Nesbø’s books have already sold more than 1.5 million copies in Norway alone (a country of less than 5 million people), and Nesbø also has fans all over the world. On a recent Scandinavian talk show, Nesbø said he’s still startled when fans approach him in Thailand, for example, or in Italy. The market for his work there is so strong that Nesbø has his own Italian web site.

And Nesbø is much more than just a crime novelist. He’s also published children’s books and four other books including a documentary from the Balkans. To make his diversification complete, he’s a former stockbroker with a degree from Norway’s leading business school, and he’s a singer/songwriter who enjoyed huge success with his band Di Derre. One of their big hits from the 1990s with its catchy refrain of “Jenter som kommer og jenter som går” (Girls who come and go) still plays regularly on Norwegian radio.

His financial success clearly comes from the Harry Hole crime novels, though, and now it looks like his market will greatly expand. The Washington Post, Vanity Fair and The Wall Street Journal have all written flattering stories about Nesbø recently, as Random House Inc in the Knopf Doubleday Publishing Group geared up to launch The Snowman in English this week. It came out in Norway a few years ago and is Nesbø’s fourth crime novel published in the US. Three others — The Redbreast, Nemesis and The Devil’s Star, his third, fourth and fifth books featuring detective Harry Hole — were published by HarperCollins.

Nesbø’s first two Harry Hole novels — The Bat Man and The Cockroaches — aren’t available in the US but Nesbø’s website reports that Random House/Knopf has plans to publish The Redeemer next year (it came out just before The Snowman) and The Leopard (the 8th Harry Hole novel that came just after The Snowman) in 2013.

Media in both Norway and the US suggest Random House/Knopf is riding the wave of Scandinavian crime novel popularity, following its astonishing success in the US with the late Swedish author Stieg Larsson’s Millennium triology of books featuring Lisbeth Salander. Nesbø (written as “Nesbo” in US media) has made it clear he doesn’t want to be “the next Stieg Larsson,” but he does enjoy his success.

He calls The Snowman “probably one of my best novels,” containing “raw and personal” descriptions of fear. He wrote it after he’d had considerable financial success with earlier novels, so felt he had more time and license to The Snowman’s style and precision.

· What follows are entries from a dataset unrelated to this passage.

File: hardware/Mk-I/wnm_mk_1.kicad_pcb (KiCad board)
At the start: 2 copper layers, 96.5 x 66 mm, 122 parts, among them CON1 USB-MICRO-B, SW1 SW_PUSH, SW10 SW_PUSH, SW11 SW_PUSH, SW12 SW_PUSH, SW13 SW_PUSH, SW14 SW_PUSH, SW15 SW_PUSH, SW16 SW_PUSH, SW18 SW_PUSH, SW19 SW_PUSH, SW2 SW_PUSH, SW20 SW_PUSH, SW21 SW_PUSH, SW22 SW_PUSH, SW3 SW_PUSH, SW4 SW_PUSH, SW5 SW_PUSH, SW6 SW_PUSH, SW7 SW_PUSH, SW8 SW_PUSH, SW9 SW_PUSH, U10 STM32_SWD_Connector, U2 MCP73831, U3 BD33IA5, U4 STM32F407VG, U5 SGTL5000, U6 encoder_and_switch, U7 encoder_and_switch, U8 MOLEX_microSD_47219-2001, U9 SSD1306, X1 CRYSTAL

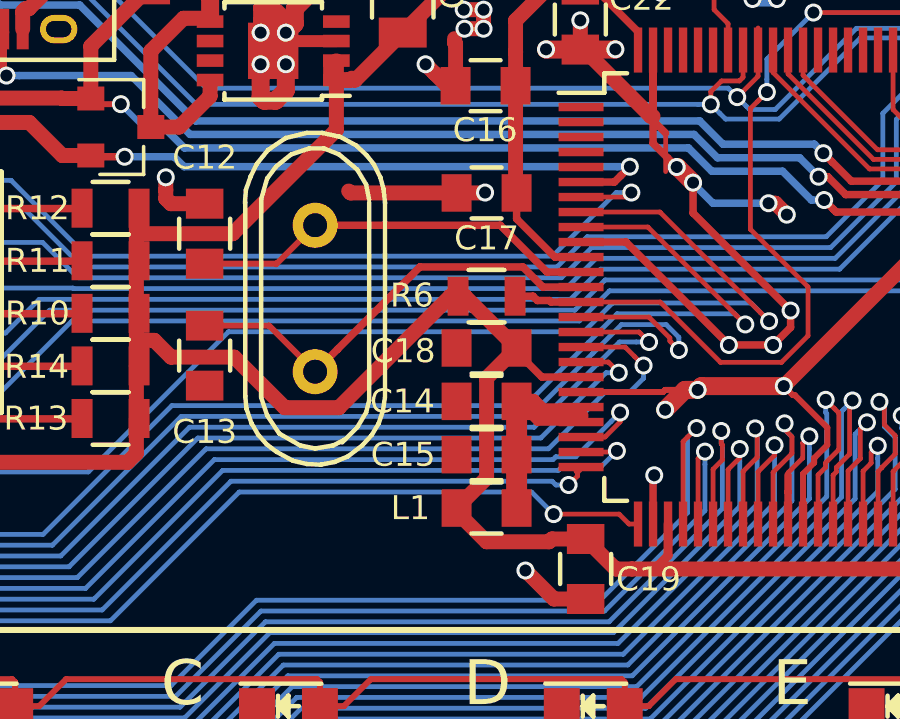
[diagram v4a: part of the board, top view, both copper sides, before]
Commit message: Fix exposed crystal trace by R6 pad mask
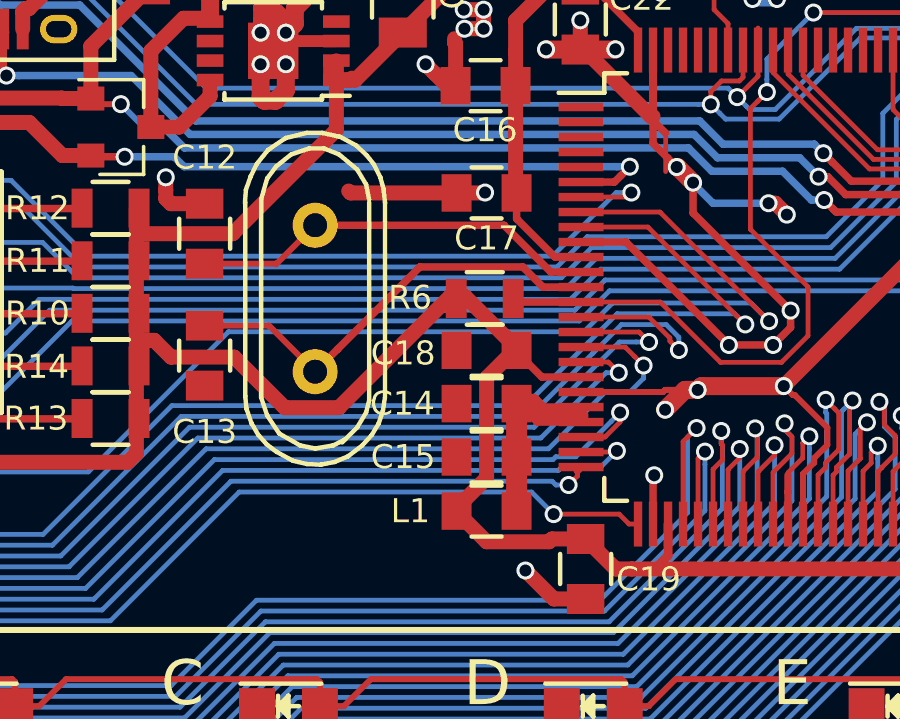
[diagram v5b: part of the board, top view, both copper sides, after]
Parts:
- moved L1 0.10 mm to (145.0, 100.2)
- moved R6 0.10 mm to (145.0, 93.1)
- moved C14 0.08 mm to (145.0, 96.6)
- moved C15 0.08 mm to (145.0, 98.4)
- moved C18 0.08 mm to (145.0, 94.8)
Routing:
- net GND: track 159.0 -> 157.0 mm, vias 56 -> 52
- net (no net): track 0.00 -> 1.93 mm, vias 0 -> 4
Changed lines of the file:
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@@
   (general
     (links 336)
-    (no_connects 1)
+    (no_connects 0)
     (area 79.934999 78.664999 176.605001 144.855001)
     (thickness 1.6)
     (drawings 96)
-    (tracks 2008)
+    (tracks 2005)
     (zones 0)
     (modules 122)
@@
   )
   (setup
-    (last_trace_width 0.5)
+    (last_trace_width 0.25)
     (user_trace_width 0.16)
     (user_trace_width 0.2)
@@
   )
   (module Capacitors_SMD:C_0805 (layer F.Cu)
-    (at 145.034 96.52)
+    (at 145.034 96.5962)
     (descr "Capacitor SMD 0805, reflow soldering, AVX (see smccp.pdf)")
     (tags "capacitor 0805")
@@
   )
   (module Capacitors_SMD:C_0805 (layer F.Cu)
-    (at 145.034 98.298)
+    (at 145.034 98.3742)
     (descr "Capacitor SMD 0805, reflow soldering, AVX (see smccp.pdf)")
     (tags "capacitor 0805")
@@
   )
   (module Capacitors_SMD:C_0805 (layer F.Cu)
-    (at 145.034 94.742)
+    (at 145.034 94.8182)
     (descr "Capacitor SMD 0805, reflow soldering, AVX (see smccp.pdf)")
     (tags "capacitor 0805")
@@
   )
   (module Capacitors_SMD:C_0805 (layer F.Cu)
-    (at 145.034 100.076)
+    (at 145.034 100.1776)
     (descr "Capacitor SMD 0805, reflow soldering, AVX (see smccp.pdf)")
     (tags "capacitor 0805")
@@
   )
   (module Resistors_SMD:R_0805 (layer F.Cu)
-    (at 145.034 93.0148 180)
+    (at 144.973 93.091 180)
     (descr "Resistor SMD 0805, reflow soldering, Vishay (see dcrcw.pdf)")
     (tags "resistor 0805")
@@
     (effects (font (size 1.5 1.5) (thickness 0.3)))
   )
+  (segment (start 144.9324 84.0994) (end 144.2974 84.0994) (width 0.5) (layer F.Cu) (net 0))
+  (via (at 144.2974 84.0994) (size 0.6) (drill 0.4) (layers F.Cu B.Cu) (net 0))
+  (segment (start 144.9324 83.4644) (end 144.9324 84.0994) (width 0.5) (layer F.Cu) (net 0))
+  (via (at 144.9324 84.0994) (size 0.6) (drill 0.4) (layers F.Cu B.Cu) (net 0))
+  (segment (start 144.9324 83.4644) (end 144.272 83.4644) (width 0.5) (layer F.Cu) (net 0))
+  (via (at 144.272 83.4644) (size 0.6) (drill 0.4) (layers F.Cu B.Cu) (net 0))
+  (via (at 144.9324 83.4644) (size 0.6) (drill 0.4) (layers F.Cu B.Cu) (net 0))
   (segment (start 86.512398 109.47118) (end 95.820601 100.162977) (width 0.16) (layer B.Cu) (net 1))
   (segment (start 95.820601 100.162977) (end 107.7535 100.162977) (width 0.16) (layer B.Cu) (net 1))
@@
   (via (at 87.20819 121.1834) (size 0.6) (drill 0.4) (layers F.Cu B.Cu) (net 30))
   (segment (start 90.505 121.19) (end 84.755 121.19) (width 0.25) (layer F.Cu) (net 30))
-  (segment (start 144.9324 84.0994) (end 144.2974 84.0994) (width 0.5) (layer F.Cu) (net 31))
-  (via (at 144.2974 84.0994) (size 0.6) (drill 0.4) (layers F.Cu B.Cu) (net 31))
-  (segment (start 144.9324 83.4644) (end 144.9324 84.0994) (width 0.5) (layer F.Cu) (net 31))
-  (via (at 144.9324 84.0994) (size 0.6) (drill 0.4) (layers F.Cu B.Cu) (net 31))
-  (segment (start 144.9324 83.4644) (end 144.272 83.4644) (width 0.5) (layer F.Cu) (net 31))
-  (via (at 144.272 83.4644) (size 0.6) (drill 0.4) (layers F.Cu B.Cu) (net 31))
   (segment (start 143.9672 84.5693) (end 143.9672 84.4296) (width 0.5) (layer F.Cu) (net 31))
-  (via (at 144.9324 83.4644) (size 0.6) (drill 0.4) (layers F.Cu B.Cu) (net 31))
   (segment (start 154.432 89.916) (end 154.6606 89.916) (width 0.5) (layer F.Cu) (net 31))
   (segment (start 154.6606 89.916) (end 155.0416 90.297) (width 0.5) (layer F.Cu) (net 31))
@@
   (segment (start 134.792 87.376) (end 135.817 86.351) (width 0.5) (layer F.Cu) (net 42))
   (segment (start 135.817 86.351) (end 135.817 85.921001) (width 0.5) (layer F.Cu) (net 42))
+  (segment (start 146.034 90.43199) (end 146.034 89.267) (width 0.25) (layer F.Cu) (net 45))
+  (segment (start 147.31201 91.71) (end 146.034 90.43199) (width 0.25) (layer F.Cu) (net 45))
+  (segment (start 148.183 91.71) (end 147.31201 91.71) (width 0.25) (layer F.Cu) (net 45))
   (segment (start 119.4816 93.1418) (end 119.181601 92.841801) (width 0.5) (layer F.Cu) (net 45))
   (segment (start 114.726999 92.841801) (end 114.366346 93.202454) (width 0.5) (layer F.Cu) (net 45))
@@
   (via (at 119.4816 93.1418) (size 0.6) (drill 0.4) (layers F.Cu B.Cu) (net 45))
   (via (at 122.1486 93.1926) (size 0.6) (drill 0.4) (layers F.Cu B.Cu) (net 45))
-  (segment (start 148.183 91.71) (end 147.308424 91.71) (width 0.25) (layer F.Cu) (net 45))
-  (segment (start 147.308424 91.71) (end 146.034 90.435576) (width 0.25) (layer F.Cu) (net 45))
-  (segment (start 146.034 90.435576) (end 146.034 89.267) (width 0.25) (layer F.Cu) (net 45))
   (segment (start 148.183 91.71) (end 147.587823 91.71) (width 0.25) (layer F.Cu) (net 45))
   (segment (start 166.5986 82.788) (end 166.4736 82.788) (width 0.25) (layer F.Cu) (net 45))
@@
   (segment (start 100.665 125.19) (end 105.075 125.19) (width 0.25) (layer F.Cu) (net 75))
   (segment (start 90.505 125.19) (end 94.915 125.19) (width 0.25) (layer F.Cu) (net 75))
+  (segment (start 139.319 90.65006) (end 145.61566 90.65006) (width 0.25) (layer F.Cu) (net 76))
+  (segment (start 147.1756 92.21) (end 148.31 92.21) (width 0.25) (layer F.Cu) (net 76))
+  (segment (start 145.61566 90.65006) (end 147.1756 92.21) (width 0.25) (layer F.Cu) (net 76))
   (segment (start 138.02106 91.948) (end 138.00506 91.932) (width 0.2) (layer F.Cu) (net 76))
   (segment (start 138.00506 91.932) (end 135.636 91.932) (width 0.2) (layer F.Cu) (net 76))
   (segment (start 139.319 90.65006) (end 138.02106 91.948) (width 0.2) (layer F.Cu) (net 76))
-  (segment (start 139.319 90.65006) (end 145.48866 90.65006) (width 0.25) (layer F.Cu) (net 76))
-  (segment (start 145.48866 90.65006) (end 147.0486 92.21) (width 0.25) (layer F.Cu) (net 76))
-  (segment (start 147.0486 92.21) (end 148.31 92.21) (width 0.25) (layer F.Cu) (net 76))
   (segment (start 139.60094 90.932) (end 139.319 90.65006) (width 0.25) (layer F.Cu) (net 76))
+  (segment (start 146.91219 92.71) (end 146.241989 92.039799) (width 0.25) (layer F.Cu) (net 77))
   (segment (start 137.78306 93.996) (end 135.636 93.996) (width 0.2) (layer F.Cu) (net 77))
   (segment (start 139.319 95.53194) (end 137.78306 93.996) (width 0.2) (layer F.Cu) (net 77))
@@
   (segment (start 146.241989 92.039799) (end 142.811141 92.039799) (width 0.25) (layer F.Cu) (net 77))
   (segment (start 148.31 92.71) (end 146.91219 92.71) (width 0.25) (layer F.Cu) (net 77))
-  (segment (start 146.91219 92.71) (end 146.241989 92.039799) (width 0.25) (layer F.Cu) (net 77))
   (segment (start 147.066 97.0026) (end 148.183 97.0026) (width 0.5) (layer F.Cu) (net 78))
   (segment (start 146.5834 96.52) (end 147.066 97.0026) (width 0.5) (layer F.Cu) (net 78))
@@
   (segment (start 110.55 104.85) (end 110.55 101.982) (width 0.25) (layer F.Cu) (net 125))
   (segment (start 110.55 101.982) (end 110.551 101.981) (width 0.25) (layer F.Cu) (net 125))
+  (segment (start 148.183 93.21) (end 146.042 93.21) (width 0.25) (layer F.Cu) (net 126))
+  (segment (start 146.042 93.21) (end 145.923 93.091) (width 0.25) (layer F.Cu) (net 126))
   (segment (start 155.929017 83.560194) (end 158.903008 83.560194) (width 0.16) (layer F.Cu) (net 126))
   (segment (start 160.7693 80.943755) (end 160.7693 80.519491) (width 0.16) (layer F.Cu) (net 126))
   (segment (start 158.903008 83.560194) (end 160.7693 81.693902) (width 0.16) (layer F.Cu) (net 126))
   (segment (start 160.7693 81.693902) (end 160.7693 80.943755) (width 0.16) (layer F.Cu) (net 126))
-  (segment (start 148.183 93.21) (end 147.183 93.21) (width 0.25) (layer F.Cu) (net 126))
-  (segment (start 147.183 93.21) (end 147.13301 93.16001) (width 0.25) (layer F.Cu) (net 126))
-  (segment (start 147.13301 93.16001) (end 146.72579 93.16001) (width 0.25) (layer F.Cu) (net 126))
-  (segment (start 146.72579 93.16001) (end 146.58058 93.0148) (width 0.25) (layer F.Cu) (net 126))
-  (segment (start 146.58058 93.0148) (end 145.984 93.0148) (width 0.25) (layer F.Cu) (net 126))
   (segment (start 154.077343 86.511698) (end 154.377342 86.211699) (width 0.16) (layer F.Cu) (net 126))
   (segment (start 155.929017 83.560194) (end 154.377342 85.111869) (width 0.16) (layer B.Cu) (net 126))

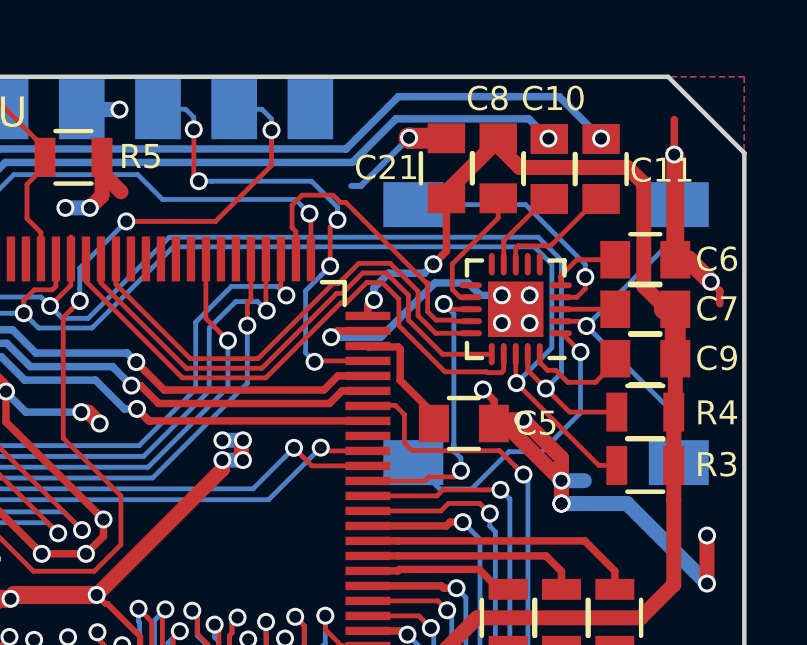
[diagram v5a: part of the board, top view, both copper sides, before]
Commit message: HW: Fix DAC coupling caps
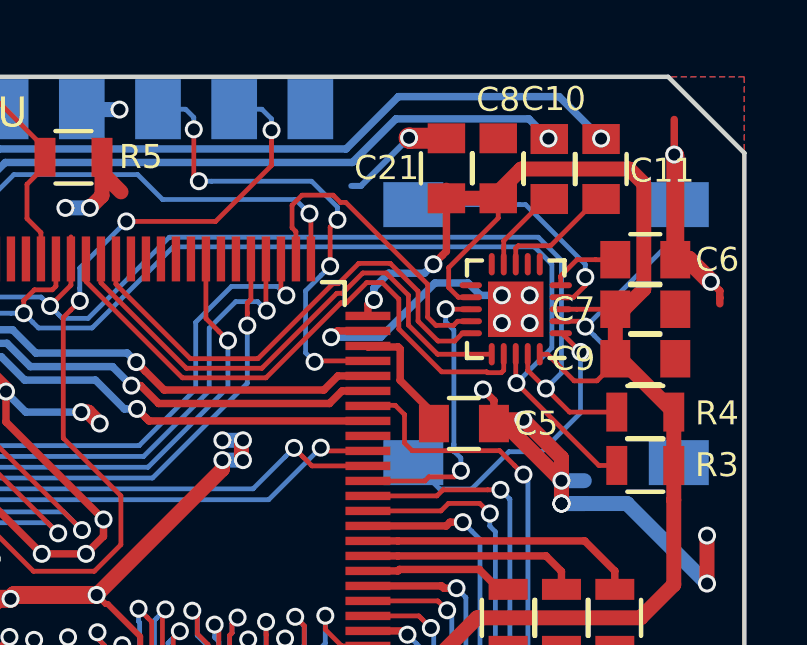
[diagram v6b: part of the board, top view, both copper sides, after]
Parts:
- C12, C13: value C -> 22pF
- C30, C31, C32, C33: value 0,1uF -> 0.1uF
- R15: value R -> 68k
- R7, R8, R9: value R -> 330
- turned C7 to 0 degrees
- turned C8 to 90 degrees
- turned C9 to 0 degrees
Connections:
- C7 pad 2: Net-(C7-Pad2) -> GND
- C8 pad 2: Net-(C8-Pad2) -> GND
- C9 pad 2: Net-(C9-Pad2) -> GND
- U5 pad 12: Net-(C8-Pad2) -> 3V3
- U5 pad 20: Net-(C9-Pad2) -> 3V3
- U5 pad 3: Net-(C7-Pad2) -> 3V3
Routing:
- net 3V3: track 217.8 -> 226.9 mm
- net Net-(C8-Pad2): track 4.40 -> 0.00 mm
- net Net-(C9-Pad2): track 3.47 -> 0.00 mm
- net Net-(C7-Pad2): track 1.82 -> 0.00 mm

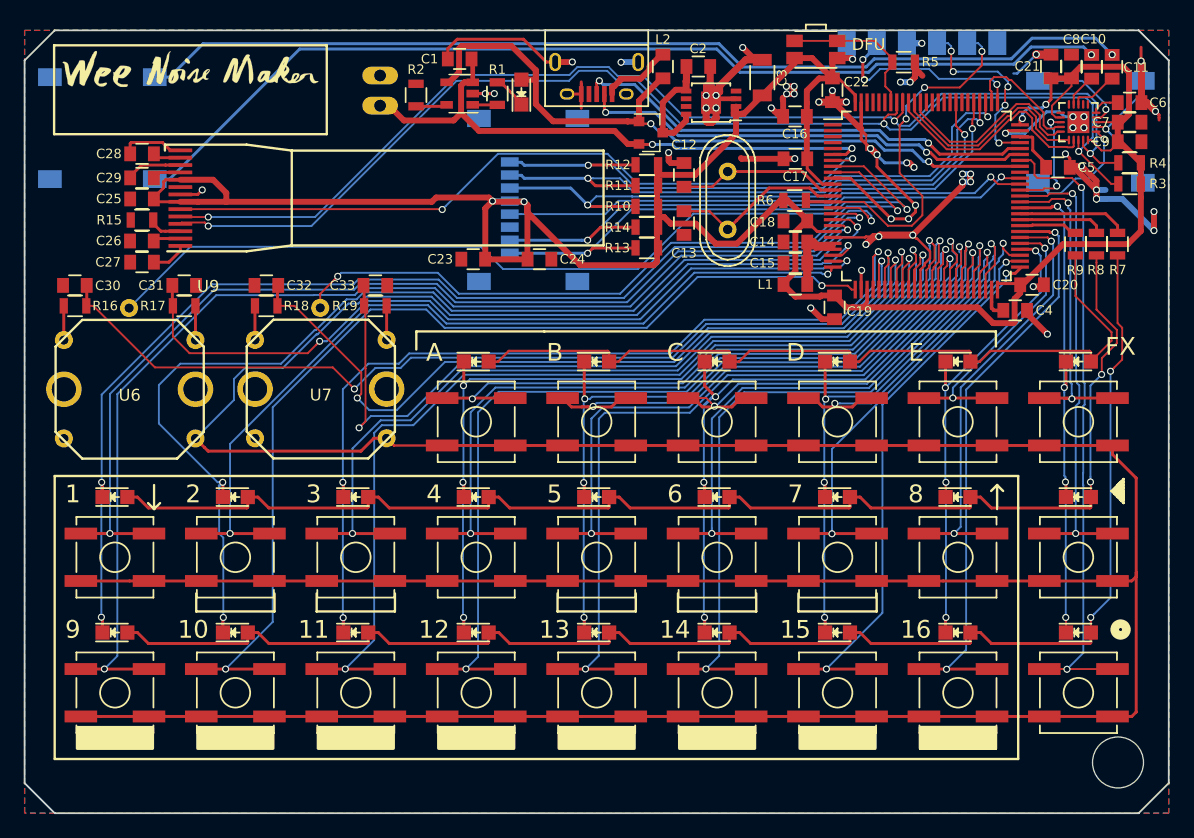
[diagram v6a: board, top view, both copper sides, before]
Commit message: HW: Improve ground layout
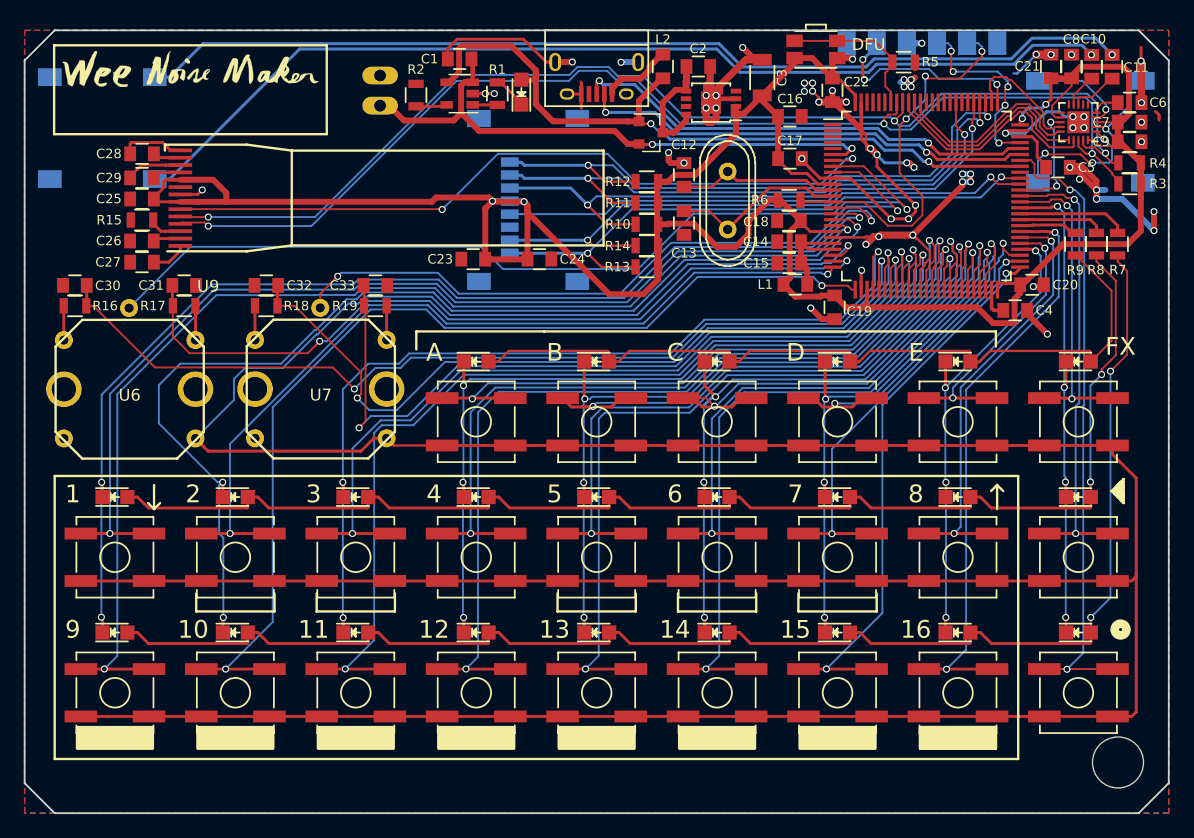
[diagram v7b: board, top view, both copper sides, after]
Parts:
- moved R13 1.61 mm to (132.5, 98.7)
- moved R14 1.56 mm to (132.5, 96.9)
- moved R10 1.51 mm to (132.5, 95.1)
- moved R11 1.47 mm to (132.5, 93.3)
- moved R12 1.42 mm to (132.5, 91.5)
- moved C18 0.54 mm to (144.5, 94.8)
- moved C14 0.53 mm to (144.5, 96.6)
- moved C15 0.52 mm to (144.5, 98.4)
- moved R6 0.46 mm to (144.5, 93.1)
- moved C17 0.46 mm to (144.6, 89.6), turned to 180 degrees
- moved C16 0.43 mm to (144.6, 86.0), turned to 180 degrees
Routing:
- net GND: track 157.0 -> 152.4 mm, vias 52 -> 62
- net Net-(HP_OUT1-Pad3): track 9.94 -> 12.0 mm, vias 1 -> 3
- net Net-(C14-Pad2): track 11.6 -> 9.51 mm
- net (no net): track 1.93 -> 0.00 mm, vias 4 -> 0
- net NRST: track 32.1 -> 33.1 mm
- net SD_CMD: track 49.4 -> 50.3 mm
- net 3V3: track 226.9 -> 227.6 mm
- net SD_DAT3: track 50.1 -> 50.8 mm
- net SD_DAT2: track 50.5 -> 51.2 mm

He says it’s “certainly my most scary story,” with “more horror than any of my other books,” even though there’s little actual blood in it.

Asked why Scandinavian crime novels are attracting American readers, author Nathaniel Rich told Oslo newspaper Aftenposten that many Americans are curious about the Scandinavian brand of social democracy. “They think (Scandinavians) are pretty and handsome and find it exciting that crime exists in such well-ordered, peaceful societies,” Rich told Aftenposten.